"""

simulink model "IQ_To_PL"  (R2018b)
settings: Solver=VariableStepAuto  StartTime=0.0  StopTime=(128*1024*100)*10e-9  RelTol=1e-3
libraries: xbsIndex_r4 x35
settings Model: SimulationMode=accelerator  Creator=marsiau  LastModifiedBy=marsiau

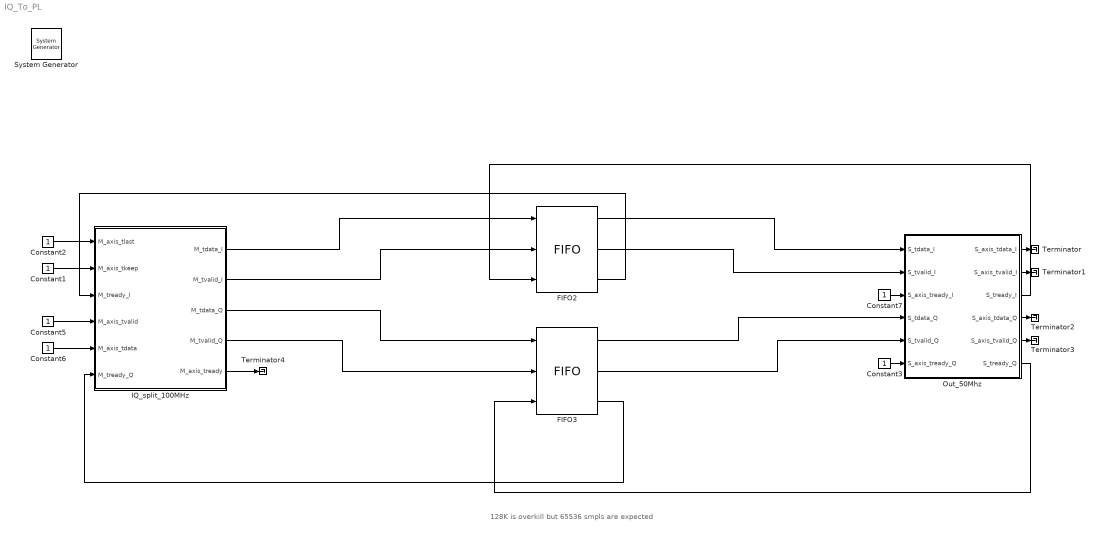
== system IQ_To_PL ==
  note: 128K is overkill but 65536 smpls are expected
  " System Generator" : xbsIndex_r4/ System Generator  Tag=genX  xilinxfamily=zynq  part=xc7z020  speed=-1  package=clg400  synthesis_tool=Vivado  clock_wrapper=Clock Enables  directory=./netlist  proj_type=Vivado  Synth_file=Vivado Synthesis Defaults  Impl_file=Vivado Implementation Defaults  testbench=off  simulink_period=1  sysclk_period=10  dcm_input_clock_period=10  incr_netlist=off  trim_vbits=Everywhere in SubSystem  dbl_ovrd=According to Block Masks  core_generation=According to Block Masks  run_coregen=off  deprecated_control=off  eval_field=0  block_type=sysgen
  Constant{1..3,5..7} (6 alike) : Constant  OutDataTypeStr=boolean  SampleTime=10e-9
  FIFO2 : xbsIndex_r4/FIFO  mem_type=Block RAM  performance_options=Standard_FIFO  embedded_registers=off  depth=128K  percent_nbits=1  rst=off  rst_latency=1  en=off  use_dcount=off  use_percent_full_port=off  use_almost_empty=off  almost_empty_thresh=2  use_almost_full=off  almost_full_thresh=14  explicit_period=off  dbl_ovrd=off  block_type=fifo
  FIFO3 : xbsIndex_r4/FIFO  mem_type=Block RAM  performance_options=Standard_FIFO  embedded_registers=off  depth=128K  percent_nbits=1  rst=off  rst_latency=1  en=off  use_dcount=off  use_percent_full_port=off  use_almost_empty=off  almost_empty_thresh=2  use_almost_full=off  almost_full_thresh=14  explicit_period=off  dbl_ovrd=off  block_type=fifo
  IQ_split_100MHz : Subsystem
  Out_50Mhz : Subsystem
  Terminator{,1..4} (5 alike) : Terminator
  wires:
  Out_50Mhz/6(S_tready_Q) -> FIFO3/3
  IQ_split_100MHz/4(M_tvalid_Q) -> FIFO3/2
  FIFO2/1 -> Out_50Mhz/1(S_tdata_I)
  Constant3/1 -> Out_50Mhz/6(S_axis_tready_Q)
  Constant6/1 -> IQ_split_100MHz/5(M_axis_tdata)
  Out_50Mhz/4(S_axis_tdata_Q) -> Terminator2/1
  IQ_split_100MHz/2(M_tvalid_I) -> FIFO2/2
  FIFO2/3 -> IQ_split_100MHz/3(M_tready_I)
  Constant7/1 -> Out_50Mhz/3(S_axis_tready_I)
  IQ_split_100MHz/1(M_tdata_I) -> FIFO2/1
  Constant2/1 -> IQ_split_100MHz/1(M_axis_tlast)
  FIFO3/2 -> Out_50Mhz/5(S_tvalid_Q)
  Constant1/1 -> IQ_split_100MHz/2("M_axis_tkeep ")
  Constant5/1 -> IQ_split_100MHz/4(M_axis_tvalid)
  FIFO3/3 -> IQ_split_100MHz/6(M_tready_Q)
  FIFO2/2 -> Out_50Mhz/2(S_tvalid_I)
  FIFO3/1 -> Out_50Mhz/4(S_tdata_Q)
  Out_50Mhz/1(S_axis_tdata_I) -> Terminator/1
  IQ_split_100MHz/3(M_tdata_Q) -> FIFO3/1
  IQ_split_100MHz/5(M_axis_tready) -> Terminator4/1
  Out_50Mhz/5(S_axis_tvalid_Q) -> Terminator3/1
  Out_50Mhz/3(S_tready_I) -> FIFO2/3
  Out_50Mhz/2(S_axis_tvalid_I) -> Terminator1/1

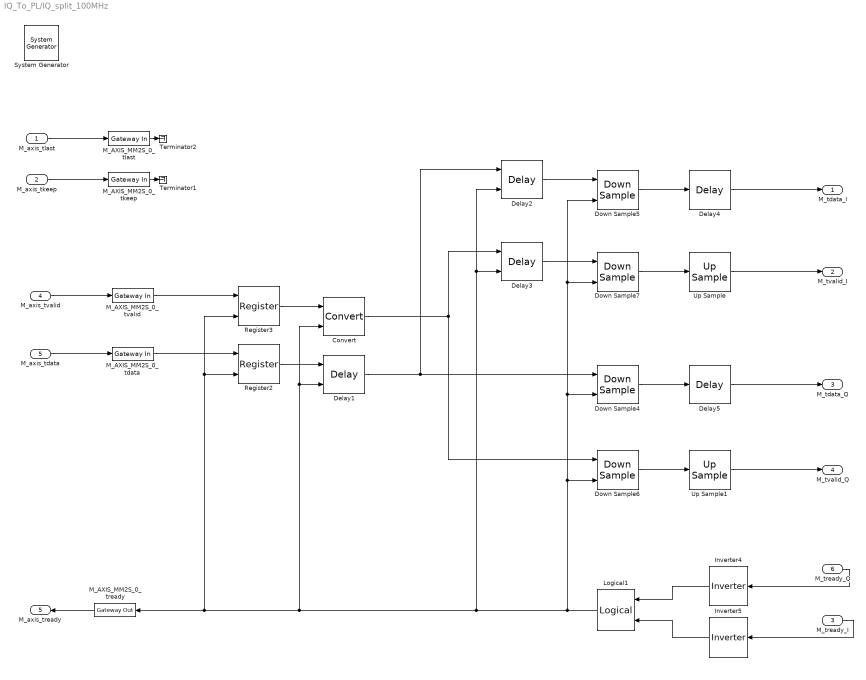
== system IQ_To_PL/IQ_split_100MHz ==
  M_axis_tlast : Inport
  "M_axis_tkeep " : Inport  Port=2
  M_tready_I : Inport  Port=3
  M_axis_tvalid : Inport  Port=4
  M_axis_tdata : Inport  Port=5
  M_tready_Q : Inport  Port=6
  " System Generator" : xbsIndex_r4/ System Generator  Tag=genX  xilinxfamily=zynq  part=xc7z020  speed=-1  package=clg400  synthesis_tool=Vivado  clock_wrapper=Clock Enables  directory=./netlist  proj_type=Vivado  Synth_file=Vivado Synthesis Defaults  Impl_file=Vivado Implementation Defaults  testbench=off  simulink_period=10e-9  sysclk_period=10  dcm_input_clock_period=10  incr_netlist=off  trim_vbits=Everywhere in SubSystem  dbl_ovrd=According to Block Masks  core_generation=According to Block Masks  run_coregen=off  deprecated_control=off  eval_field=0  block_type=sysgen
  Convert : xbsIndex_r4/Convert  gui_display_data_type=Boolean  arith_type=Boolean  n_bits=16  bin_pt=14  float_type=Single  exp_bits=8  fraction_bits=24  quantization=Truncate  overflow=Wrap  en=on  latency=1  pipeline=off  dbl_ovrd=off  block_type=convert
  Delay1 : xbsIndex_r4/Delay  rst=off  infoeditControl=Selection of Reset will increase slice count due to use of real FFs and instead of SRLs  en=on  latency=1  reg_retiming=off  dbl_ovrd=off  block_type=delay
  Delay2 : xbsIndex_r4/Delay  rst=off  infoeditControl=Selection of Reset will increase slice count due to use of real FFs and instead of SRLs  en=on  latency=1  reg_retiming=off  dbl_ovrd=off  block_type=delay
  Delay3 : xbsIndex_r4/Delay  rst=off  infoeditControl=Selection of Reset will increase slice count due to use of real FFs and instead of SRLs  en=on  latency=1  reg_retiming=off  dbl_ovrd=off  block_type=delay
  Delay4 : xbsIndex_r4/Delay  rst=off  infoeditControl=Selection of Reset will increase slice count due to use of real FFs and instead of SRLs  en=off  latency=1  reg_retiming=off  dbl_ovrd=off  block_type=delay
  Delay5 : xbsIndex_r4/Delay  rst=off  infoeditControl=Selection of Reset will increase slice count due to use of real FFs and instead of SRLs  en=off  latency=1  reg_retiming=off  dbl_ovrd=off  block_type=delay
  Down Sample{4..7} (4 alike) : xbsIndex_r4/Down Sample  sample_ratio=2  sample_phase="Last Value of Frame  (most efficient)"  en=on  rst=off  latency=1  dbl_ovrd=off  block_type=dsamp
  Inverter4 : xbsIndex_r4/Inverter  en=off  latency=1  dbl_ovrd=off  block_type=inv
  Inverter5 : xbsIndex_r4/Inverter  en=off  latency=1  dbl_ovrd=off  block_type=inv
  Logical1 : xbsIndex_r4/Logical  logical_function=AND  inputs=2  en=off  latency=1  precision=Full  arith_type=Unsigned  n_bits=16  bin_pt=0  align_bp=on  dbl_ovrd=off  block_type=logical
  M_AXIS_MM2S_0_tdata : xbsIndex_r4/Gateway In  gui_display_data_type=Fixed-point  arith_type=Unsigned  n_bits=8  bin_pt=0  preci_type=Single  exp_width=8  frac_width=24  rows=1  columns=1  quantization="Round  (unbiased: +/- Inf)"  overflow=Saturate  period=10e-9  UseAsADC=off  ADCChannel='1'  interface=None  automatic_assignment=on  address_offset=hex2dec('00')  intf_name=''  intf_description=''  default_value=0  timing_constraint=None  locs_specified=off  LOCs={}  io_standard={}  inherit_from_input=off  hdl_port=on  dbl_ovrd=off  block_type=gatewayin
  M_AXIS_MM2S_0_tkeep : xbsIndex_r4/Gateway In  gui_display_data_type=Fixed-point  arith_type=Unsigned  n_bits=1  bin_pt=0  preci_type=Single  exp_width=8  frac_width=24  rows=1  columns=1  quantization="Round  (unbiased: +/- Inf)"  overflow=Saturate  period=10e-9  UseAsADC=off  ADCChannel='1'  interface=None  automatic_assignment=on  address_offset=hex2dec('00')  intf_name=''  intf_description=''  default_value=0  timing_constraint=None  locs_specified=off  LOCs={}  io_standard={}  inherit_from_input=off  hdl_port=on  dbl_ovrd=off  block_type=gatewayin
  M_AXIS_MM2S_0_tlast : xbsIndex_r4/Gateway In  gui_display_data_type=Fixed-point  arith_type=Unsigned  n_bits=1  bin_pt=0  preci_type=Single  exp_width=8  frac_width=24  rows=1  columns=1  quantization="Round  (unbiased: +/- Inf)"  overflow=Saturate  period=10e-9  UseAsADC=off  ADCChannel='1'  interface=None  automatic_assignment=on  address_offset=hex2dec('00')  intf_name=''  intf_description=''  default_value=0  timing_constraint=None  locs_specified=off  LOCs={}  io_standard={}  inherit_from_input=off  hdl_port=on  dbl_ovrd=off  block_type=gatewayin
  M_AXIS_MM2S_0_tready : xbsIndex_r4/Gateway Out  inherit_from_input=off  hdl_port=on  rows=1  columns=1  UseAsDAC=off  DACChannel='1'  interface=None  automatic_assignment=on  address_offset=hex2dec('00')  intf_name=''  intf_description=''  timing_constraint=None  locs_specified=off  LOCs={}  io_standard={}  block_type=gatewayout
  M_AXIS_MM2S_0_tvalid : xbsIndex_r4/Gateway In  gui_display_data_type=Fixed-point  arith_type=Unsigned  n_bits=1  bin_pt=0  preci_type=Single  exp_width=8  frac_width=24  rows=1  columns=1  quantization="Round  (unbiased: +/- Inf)"  overflow=Saturate  period=10e-9  UseAsADC=off  ADCChannel='1'  interface=None  automatic_assignment=on  address_offset=hex2dec('00')  intf_name=''  intf_description=''  default_value=0  timing_constraint=None  locs_specified=off  LOCs={}  io_standard={}  inherit_from_input=off  hdl_port=on  dbl_ovrd=off  block_type=gatewayin
  Register2 : xbsIndex_r4/Register  init=0  rst=off  en=on  dbl_ovrd=off  block_type=register
  Register3 : xbsIndex_r4/Register  init=0  rst=off  en=on  dbl_ovrd=off  block_type=register
  Terminator1 : Terminator
  Terminator2 : Terminator
  Up Sample : xbsIndex_r4/Up Sample  sample_ratio=2  copy_samples=off  en=off  latency=1  dbl_ovrd=off  block_type=usamp
  Up Sample1 : xbsIndex_r4/Up Sample  sample_ratio=2  copy_samples=off  en=off  latency=1  dbl_ovrd=off  block_type=usamp
  M_tdata_I : Outport
  M_tvalid_I : Outport  Port=2
  M_tdata_Q : Outport  Port=3
  M_tvalid_Q : Outport  Port=4
  M_axis_tready : Outport  Port=5
  wires:
  Up Sample1/1 -> M_tvalid_Q/1
  Inverter4/1 -> Logical1/1
  Delay5/1 -> M_tdata_Q/1
  M_AXIS_MM2S_0_tdata/1 -> Register2/1
  Delay2/1 -> Down Sample5/1
  M_AXIS_MM2S_0_tlast/1 -> Terminator2/1
  M_AXIS_MM2S_0_tready/1 -> M_axis_tready/1
  M_tready_Q/1 -> Inverter4/1
  M_AXIS_MM2S_0_tkeep/1 -> Terminator1/1
  M_tready_I/1 -> Inverter5/1
  M_axis_tvalid/1 -> M_AXIS_MM2S_0_tvalid/1
  "M_axis_tkeep "/1 -> M_AXIS_MM2S_0_tkeep/1
  Delay4/1 -> M_tdata_I/1
  Up Sample/1 -> M_tvalid_I/1
  Delay1/1 -> Delay2/1, Down Sample4/1
  M_axis_tdata/1 -> M_AXIS_MM2S_0_tdata/1
  Convert/1 -> Down Sample6/1, Delay3/1
  Inverter5/1 -> Logical1/2
  M_axis_tlast/1 -> M_AXIS_MM2S_0_tlast/1
  M_AXIS_MM2S_0_tvalid/1 -> Register3/1
  Delay3/1 -> Down Sample7/1
  Register2/1 -> Delay1/1
  Register3/1 -> Convert/1
  Logical1/1 -> Down Sample5/2, Down Sample7/2, Down Sample4/2, Down Sample6/2, Convert/2, Delay1/2, M_AXIS_MM2S_0_tready/1, Register3/2, Register2/2, Delay2/2, Delay3/2
  Down Sample5/1 -> Delay4/1
  Down Sample7/1 -> Up Sample/1
  Down Sample6/1 -> Up Sample1/1
  Down Sample4/1 -> Delay5/1

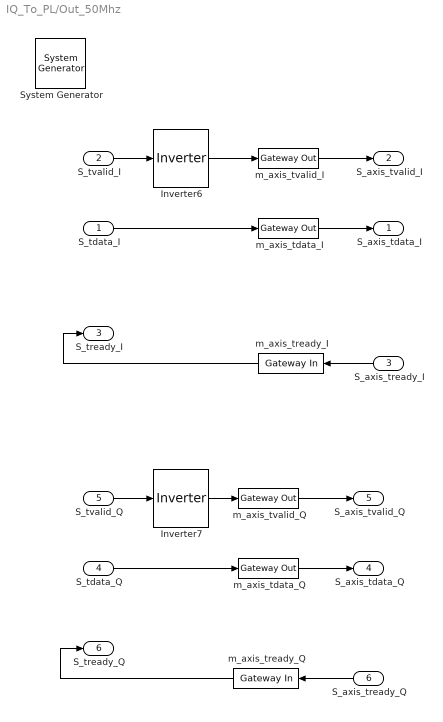
== system IQ_To_PL/Out_50Mhz ==
  S_tdata_I : Inport
  S_tvalid_I : Inport  Port=2
  S_axis_tready_I : Inport  Port=3  OutDataTypeStr=boolean
  S_tdata_Q : Inport  Port=4
  S_tvalid_Q : Inport  Port=5
  S_axis_tready_Q : Inport  Port=6  OutDataTypeStr=boolean
  " System Generator" : xbsIndex_r4/ System Generator  Tag=genX  xilinxfamily=zynq  part=xc7z020  speed=-1  package=clg400  synthesis_tool=Vivado  clock_wrapper=Clock Enables  directory=./netlist  proj_type=Vivado  Synth_file=Vivado Synthesis Defaults  Impl_file=Vivado Implementation Defaults  testbench=off  simulink_period=20e-9  sysclk_period=20  dcm_input_clock_period=10  incr_netlist=off  trim_vbits=Everywhere in SubSystem  dbl_ovrd=According to Block Masks  core_generation=According to Block Masks  run_coregen=off  deprecated_control=off  eval_field=0  block_type=sysgen
  Inverter6 : xbsIndex_r4/Inverter  en=off  latency=1  dbl_ovrd=off  block_type=inv
  Inverter7 : xbsIndex_r4/Inverter  en=off  latency=1  dbl_ovrd=off  block_type=inv
  m_axis_tdata_I : xbsIndex_r4/Gateway Out  inherit_from_input=on  hdl_port=on  rows=1  columns=1  UseAsDAC=off  DACChannel='1'  interface=None  automatic_assignment=on  address_offset=hex2dec('00')  intf_name=''  intf_description=''  timing_constraint=None  locs_specified=off  LOCs={}  io_standard={}  block_type=gatewayout
  m_axis_tdata_Q : xbsIndex_r4/Gateway Out  inherit_from_input=on  hdl_port=on  rows=1  columns=1  UseAsDAC=off  DACChannel='1'  interface=None  automatic_assignment=on  address_offset=hex2dec('00')  intf_name=''  intf_description=''  timing_constraint=None  locs_specified=off  LOCs={}  io_standard={}  block_type=gatewayout
  m_axis_tready_I : xbsIndex_r4/Gateway In  gui_display_data_type=Boolean  arith_type=Boolean  n_bits=16  bin_pt=14  preci_type=Single  exp_width=8  frac_width=24  rows=1  columns=1  quantization="Round  (unbiased: +/- Inf)"  overflow=Saturate  period=20e-9  UseAsADC=off  ADCChannel='1'  interface=None  automatic_assignment=on  address_offset=hex2dec('00')  intf_name=''  intf_description=''  default_value=0  timing_constraint=None  locs_specified=off  LOCs={}  io_standard={}  inherit_from_input=off  hdl_port=on  dbl_ovrd=off  block_type=gatewayin
  m_axis_tready_Q : xbsIndex_r4/Gateway In  gui_display_data_type=Boolean  arith_type=Boolean  n_bits=16  bin_pt=14  preci_type=Single  exp_width=8  frac_width=24  rows=1  columns=1  quantization="Round  (unbiased: +/- Inf)"  overflow=Saturate  period=20e-9  UseAsADC=off  ADCChannel='1'  interface=None  automatic_assignment=on  address_offset=hex2dec('00')  intf_name=''  intf_description=''  default_value=0  timing_constraint=None  locs_specified=off  LOCs={}  io_standard={}  inherit_from_input=off  hdl_port=on  dbl_ovrd=off  block_type=gatewayin
  m_axis_tvalid_I : xbsIndex_r4/Gateway Out  inherit_from_input=on  hdl_port=on  rows=1  columns=1  UseAsDAC=off  DACChannel='1'  interface=None  automatic_assignment=on  address_offset=hex2dec('00')  intf_name=''  intf_description=''  timing_constraint=None  locs_specified=off  LOCs={}  io_standard={}  block_type=gatewayout
  m_axis_tvalid_Q : xbsIndex_r4/Gateway Out  inherit_from_input=on  hdl_port=on  rows=1  columns=1  UseAsDAC=off  DACChannel='1'  interface=None  automatic_assignment=on  address_offset=hex2dec('00')  intf_name=''  intf_description=''  timing_constraint=None  locs_specified=off  LOCs={}  io_standard={}  block_type=gatewayout
  S_axis_tdata_I : Outport
  S_axis_tvalid_I : Outport  Port=2
  S_tready_I : Outport  Port=3
  S_axis_tdata_Q : Outport  Port=4
  S_axis_tvalid_Q : Outport  Port=5
  S_tready_Q : Outport  Port=6
  wires:
  S_axis_tready_Q/1 -> m_axis_tready_Q/1
  m_axis_tvalid_Q/1 -> S_axis_tvalid_Q/1
  S_tvalid_Q/1 -> Inverter7/1
  S_axis_tready_I/1 -> m_axis_tready_I/1
  S_tvalid_I/1 -> Inverter6/1
  m_axis_tvalid_I/1 -> S_axis_tvalid_I/1
  S_tdata_I/1 -> m_axis_tdata_I/1
  Inverter6/1 -> m_axis_tvalid_I/1
  m_axis_tdata_Q/1 -> S_axis_tdata_Q/1
  m_axis_tdata_I/1 -> S_axis_tdata_I/1
  m_axis_tready_I/1 -> S_tready_I/1
  S_tdata_Q/1 -> m_axis_tdata_Q/1
  Inverter7/1 -> m_axis_tvalid_Q/1
  m_axis_tready_Q/1 -> S_tready_Q/1

"""

* _What you will do_: Copy exactly, with no other lines, the stretch of the material that begins at the line containing "Inverter7/1 -> m_axis_tvalid_Q/1" and ends at its last line.

* _Result of the exercise_:
  Inverter7/1 -> m_axis_tvalid_Q/1
  m_axis_tready_Q/1 -> S_tready_Q/1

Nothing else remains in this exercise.